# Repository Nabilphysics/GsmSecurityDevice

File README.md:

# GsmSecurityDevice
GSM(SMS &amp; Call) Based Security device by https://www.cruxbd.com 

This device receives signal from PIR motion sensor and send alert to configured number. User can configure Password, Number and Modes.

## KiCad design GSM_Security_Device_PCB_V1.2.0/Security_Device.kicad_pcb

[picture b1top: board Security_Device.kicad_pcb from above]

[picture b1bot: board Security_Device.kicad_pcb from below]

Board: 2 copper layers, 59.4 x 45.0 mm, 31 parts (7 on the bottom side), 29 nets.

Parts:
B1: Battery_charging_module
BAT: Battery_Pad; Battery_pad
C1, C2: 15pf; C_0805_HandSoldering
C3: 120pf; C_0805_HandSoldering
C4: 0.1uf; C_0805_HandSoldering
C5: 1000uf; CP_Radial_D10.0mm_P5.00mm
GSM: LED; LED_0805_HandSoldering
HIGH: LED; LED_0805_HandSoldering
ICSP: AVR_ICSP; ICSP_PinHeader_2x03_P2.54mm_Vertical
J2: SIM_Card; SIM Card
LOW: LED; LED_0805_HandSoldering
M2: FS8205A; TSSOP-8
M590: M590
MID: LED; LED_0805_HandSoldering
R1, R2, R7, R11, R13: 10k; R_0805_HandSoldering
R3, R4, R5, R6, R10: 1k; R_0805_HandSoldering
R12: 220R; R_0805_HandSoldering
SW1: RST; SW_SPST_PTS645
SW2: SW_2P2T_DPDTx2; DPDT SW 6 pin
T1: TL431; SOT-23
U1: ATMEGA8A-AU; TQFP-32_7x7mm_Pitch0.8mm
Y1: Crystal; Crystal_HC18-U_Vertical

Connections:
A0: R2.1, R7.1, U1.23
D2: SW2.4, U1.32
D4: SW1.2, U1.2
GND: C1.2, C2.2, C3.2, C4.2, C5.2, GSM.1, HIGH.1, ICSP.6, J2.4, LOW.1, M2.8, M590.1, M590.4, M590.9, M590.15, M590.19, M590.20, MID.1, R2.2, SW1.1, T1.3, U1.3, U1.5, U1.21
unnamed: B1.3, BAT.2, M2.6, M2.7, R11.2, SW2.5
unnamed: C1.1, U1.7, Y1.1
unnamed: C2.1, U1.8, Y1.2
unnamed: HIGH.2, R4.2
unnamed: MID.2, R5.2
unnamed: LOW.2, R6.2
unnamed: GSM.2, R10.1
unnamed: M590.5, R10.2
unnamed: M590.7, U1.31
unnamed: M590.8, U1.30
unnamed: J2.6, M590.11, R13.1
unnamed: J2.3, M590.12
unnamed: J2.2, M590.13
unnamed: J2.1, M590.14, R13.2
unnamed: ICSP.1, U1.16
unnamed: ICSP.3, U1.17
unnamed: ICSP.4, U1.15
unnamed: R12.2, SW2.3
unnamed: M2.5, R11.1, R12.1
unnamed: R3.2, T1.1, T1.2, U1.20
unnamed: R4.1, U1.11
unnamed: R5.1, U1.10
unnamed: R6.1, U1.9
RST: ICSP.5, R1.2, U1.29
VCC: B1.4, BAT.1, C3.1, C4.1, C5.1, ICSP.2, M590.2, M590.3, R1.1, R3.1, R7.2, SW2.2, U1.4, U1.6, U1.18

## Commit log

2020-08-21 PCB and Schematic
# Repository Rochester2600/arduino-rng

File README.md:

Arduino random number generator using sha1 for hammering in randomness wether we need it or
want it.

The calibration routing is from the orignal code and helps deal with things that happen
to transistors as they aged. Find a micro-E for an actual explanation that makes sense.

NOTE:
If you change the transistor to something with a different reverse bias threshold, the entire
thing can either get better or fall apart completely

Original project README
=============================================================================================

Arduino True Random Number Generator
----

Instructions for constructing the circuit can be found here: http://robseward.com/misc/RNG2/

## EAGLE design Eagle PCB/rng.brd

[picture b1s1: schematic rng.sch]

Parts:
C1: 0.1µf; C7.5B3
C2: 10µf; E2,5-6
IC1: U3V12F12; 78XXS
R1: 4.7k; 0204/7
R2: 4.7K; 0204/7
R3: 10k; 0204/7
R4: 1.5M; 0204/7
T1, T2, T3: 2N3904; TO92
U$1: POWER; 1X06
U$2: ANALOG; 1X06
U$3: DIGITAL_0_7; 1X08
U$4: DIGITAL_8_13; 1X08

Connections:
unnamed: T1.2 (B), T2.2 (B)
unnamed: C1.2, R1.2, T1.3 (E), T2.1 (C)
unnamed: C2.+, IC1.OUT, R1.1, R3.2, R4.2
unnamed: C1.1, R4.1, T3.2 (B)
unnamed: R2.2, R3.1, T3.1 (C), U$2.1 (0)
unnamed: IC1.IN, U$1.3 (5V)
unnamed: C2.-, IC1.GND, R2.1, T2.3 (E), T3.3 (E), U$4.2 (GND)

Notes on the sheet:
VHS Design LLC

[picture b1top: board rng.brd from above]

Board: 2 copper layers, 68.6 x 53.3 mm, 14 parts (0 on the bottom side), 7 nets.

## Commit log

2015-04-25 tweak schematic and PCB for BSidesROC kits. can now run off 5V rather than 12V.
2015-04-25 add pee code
____
▶ **Prompt**:
Starting at the line with "Notes on the", copy each line through the end of the data, both ends included, and give nothing else.

▶ **Answer below**:
Notes on the sheet:
VHS Design LLC

[picture b1top: board rng.brd from above]

Board: 2 copper layers, 68.6 x 53.3 mm, 14 parts (0 on the bottom side), 7 nets.

## Commit log

2015-04-25 tweak schematic and PCB for BSidesROC kits. can now run off 5V rather than 12V.
2015-04-25 add pee code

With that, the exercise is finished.